If having an engineering degree or a career in medicine was a strange prerequisite for 9-11 involvement, an affinity for rap music may be the common denominator for today’s Western jihadists.
Cherif Kouachi, one of the two brothers responsible for the terrorist attack on Charlie Hebdo in Paris the other week, was, according to ABC News, “briefly featured in a 2005 French television documentary as an aspiring rap musician-turned-jihadist.” (As CNN noted, “A report from the TV network France 3, which apparently first aired in 2005, described Kouachi as a young fan of rap more interested in chasing girls than going to the mosque.”)

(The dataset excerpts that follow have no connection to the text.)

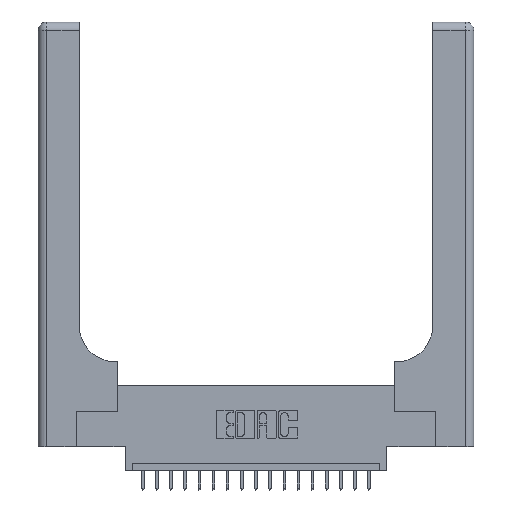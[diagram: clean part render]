
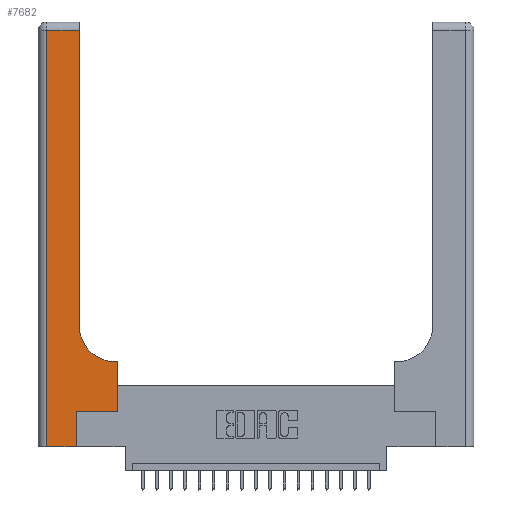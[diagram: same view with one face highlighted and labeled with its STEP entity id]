
A CAD part, top view. The second image highlights one B-rep face of the part: STEP entity #7682.
In plain terms, the highlighted planar face has unit normal (0, 0, 1).
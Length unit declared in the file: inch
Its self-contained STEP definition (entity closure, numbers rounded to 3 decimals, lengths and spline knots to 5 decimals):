
#236 = ORIENTED_EDGE ( 'NONE', *, *, #15971, .T. ) ;
#351 = DIRECTION ( 'NONE',  ( 0., 1., 0. ) ) ;
#651 = DIRECTION ( 'NONE',  ( 0., 0., -1. ) ) ;
#704 = CARTESIAN_POINT ( 'NONE',  ( 0.269, 0.25, 0.37 ) ) ;
#1610 = EDGE_CURVE ( 'NONE', #11629, #8320, #2340, .T. ) ;
#1801 = EDGE_CURVE ( 'NONE', #9004, #11629, #17144, .T. ) ;
#1899 = ORIENTED_EDGE ( 'NONE', *, *, #12202, .T. ) ;
#2210 = DIRECTION ( 'NONE',  ( 1., 0., 0. ) ) ;
#2304 = FACE_OUTER_BOUND ( 'NONE', #20631, .T. ) ;
#2340 = LINE ( 'NONE', #7337, #17965 ) ;
#2745 = ORIENTED_EDGE ( 'NONE', *, *, #6861, .T. ) ;
#2761 = VECTOR ( 'NONE', #5325, 39.37008 ) ;
#3366 = CARTESIAN_POINT ( 'NONE',  ( 0.5585, 0.25, 0.37 ) ) ;
#3461 = DIRECTION ( 'NONE',  ( 0., 1., 0. ) ) ;
#3510 = VECTOR ( 'NONE', #10971, 39.37008 ) ;
#3640 = EDGE_CURVE ( 'NONE', #8409, #9004, #15041, .T. ) ;
#3657 = EDGE_CURVE ( 'NONE', #15781, #19730, #13308, .T. ) ;
#4304 = LINE ( 'NONE', #704, #3510 ) ;
#4439 = DIRECTION ( 'NONE',  ( -1., 0., 0. ) ) ;
#5022 = VERTEX_POINT ( 'NONE', #13858 ) ;
#5112 = ORIENTED_EDGE ( 'NONE', *, *, #12734, .T. ) ;
#5325 = DIRECTION ( 'NONE',  ( -1., 0., 0. ) ) ;
#5566 = CARTESIAN_POINT ( 'NONE',  ( 0., 3., 0.37 ) ) ;
#6576 = CARTESIAN_POINT ( 'NONE',  ( 0.5585, 0.6, 0.37 ) ) ;
#6861 = EDGE_CURVE ( 'NONE', #21146, #8409, #10444, .T. ) ;
#7200 = CARTESIAN_POINT ( 'NONE',  ( 0., 0., 0.37 ) ) ;
#7337 = CARTESIAN_POINT ( 'NONE',  ( 0.269, 0., 0.37 ) ) ;
#7682 = ADVANCED_FACE ( 'NONE', ( #2304 ), #15611, .F. ) ;
#8135 = DIRECTION ( 'NONE',  ( 1., 0., 0. ) ) ;
#8320 = VERTEX_POINT ( 'NONE', #16662 ) ;
#8409 = VERTEX_POINT ( 'NONE', #18481 ) ;
#8503 = ORIENTED_EDGE ( 'NONE', *, *, #16780, .T. ) ;
#8679 = DIRECTION ( 'NONE',  ( 0., -1., 0. ) ) ;
#8687 = ORIENTED_EDGE ( 'NONE', *, *, #1801, .T. ) ;
#9004 = VERTEX_POINT ( 'NONE', #19312 ) ;
#10233 = CARTESIAN_POINT ( 'NONE',  ( 0., 2.94, 0.37 ) ) ;
#10386 = VECTOR ( 'NONE', #8679, 39.37008 ) ;
#10444 = LINE ( 'NONE', #10233, #2761 ) ;
#10835 = LINE ( 'NONE', #15319, #11618 ) ;
#10971 = DIRECTION ( 'NONE',  ( 1., 0., 0. ) ) ;
#11358 = CARTESIAN_POINT ( 'NONE',  ( 0.2915, 2.94, 0.37 ) ) ;
#11618 = VECTOR ( 'NONE', #351, 39.37008 ) ;
#11629 = VERTEX_POINT ( 'NONE', #16972 ) ;
#11856 = ORIENTED_EDGE ( 'NONE', *, *, #1610, .T. ) ;
#11994 = CARTESIAN_POINT ( 'NONE',  ( 0.5585, 0.25, 0.37 ) ) ;
#12202 = EDGE_CURVE ( 'NONE', #5022, #21146, #10835, .T. ) ;
#12228 = AXIS2_PLACEMENT_3D ( 'NONE', #5566, #651, #12459 ) ;
#12393 = DIRECTION ( 'NONE',  ( 0., 1., 0. ) ) ;
#12443 = VECTOR ( 'NONE', #2210, 39.37008 ) ;
#12459 = DIRECTION ( 'NONE',  ( -1., 0., 0. ) ) ;
#12734 = EDGE_CURVE ( 'NONE', #18283, #5022, #13373, .T. ) ;
#12849 = VECTOR ( 'NONE', #3461, 39.37008 ) ;
#13073 = DIRECTION ( 'NONE',  ( 0., 0., -1. ) ) ;
#13271 = VECTOR ( 'NONE', #4439, 39.37008 ) ;
#13308 = LINE ( 'NONE', #11994, #12849 ) ;
#13373 = CIRCLE ( 'NONE', #21003, 0.25 ) ;
#13858 = CARTESIAN_POINT ( 'NONE',  ( 0.2915, 0.85, 0.37 ) ) ;
#15041 = LINE ( 'NONE', #16985, #10386 ) ;
#15319 = CARTESIAN_POINT ( 'NONE',  ( 0.2915, 3., 0.37 ) ) ;
#15439 = CARTESIAN_POINT ( 'NONE',  ( 0.5415, 0.6, 0.37 ) ) ;
#15611 = PLANE ( 'NONE',  #12228 ) ;
#15781 = VERTEX_POINT ( 'NONE', #3366 ) ;
#15971 = EDGE_CURVE ( 'NONE', #19730, #18283, #16354, .T. ) ;
#16354 = LINE ( 'NONE', #21448, #13271 ) ;
#16450 = CARTESIAN_POINT ( 'NONE',  ( 0.5415, 0.85, 0.37 ) ) ;
#16662 = CARTESIAN_POINT ( 'NONE',  ( 0.269, 0.25, 0.37 ) ) ;
#16780 = EDGE_CURVE ( 'NONE', #8320, #15781, #4304, .T. ) ;
#16972 = CARTESIAN_POINT ( 'NONE',  ( 0.269, 0., 0.37 ) ) ;
#16985 = CARTESIAN_POINT ( 'NONE',  ( 0.06, 3., 0.37 ) ) ;
#17144 = LINE ( 'NONE', #7200, #12443 ) ;
#17931 = ORIENTED_EDGE ( 'NONE', *, *, #3657, .T. ) ;
#17965 = VECTOR ( 'NONE', #12393, 39.37008 ) ;
#18283 = VERTEX_POINT ( 'NONE', #15439 ) ;
#18481 = CARTESIAN_POINT ( 'NONE',  ( 0.06, 2.94, 0.37 ) ) ;
#19312 = CARTESIAN_POINT ( 'NONE',  ( 0.06, 0., 0.37 ) ) ;
#19730 = VERTEX_POINT ( 'NONE', #6576 ) ;
#20631 = EDGE_LOOP ( 'NONE', ( #1899, #2745, #20671, #8687, #11856, #8503, #17931, #236, #5112 ) ) ;
#20671 = ORIENTED_EDGE ( 'NONE', *, *, #3640, .T. ) ;
#21003 = AXIS2_PLACEMENT_3D ( 'NONE', #16450, #13073, #8135 ) ;
#21146 = VERTEX_POINT ( 'NONE', #11358 ) ;
#21448 = CARTESIAN_POINT ( 'NONE',  ( 0.2915, 0.6, 0.37 ) ) ;

We’re not talking about some sort of propaganda rap music used as a recruiting tool by Islamist groups (though that surely exists), but rather, a trend whereby American or Western rap music serves as a gateway drug to future terrorism. And the most recent case is not an isolated incident.
As fears about homegrown terrorism grow, examples mount. Take, for instance, the case of a German rapper who joined ISIS—or Boston bomber Tamerlan Tsarnaev, who was reportedly “heavy into hip hop.” This seems odd to us, because we are familiar with the ethos of American rap, the stereotypes of which include a bacchanalian existence typified by videos of scantily clad girls on yachts, and the conspicuous consumption of alcohol and drugs. This would seem to be the opposite of what you would expect to motivate someone to pursue an extreme fundamentalist religious doctrine.
And yet, there is clearly a connection. I don’t pretend to have all the answers or explanations, but a recent interview between Maajid Nawaz, author of the memoir Radical: My Journey Out of Islamist Extremism and NPR’s Terry Gross, may help shed some light. Here’s an excerpt (courtesy of NPR):
… I got into American hip-hop and listening to American hip-hop, in fact a bit like the Kouachi brothers, listening to heavily politicized American rap in what’s known as its “golden era” in the ‘90s.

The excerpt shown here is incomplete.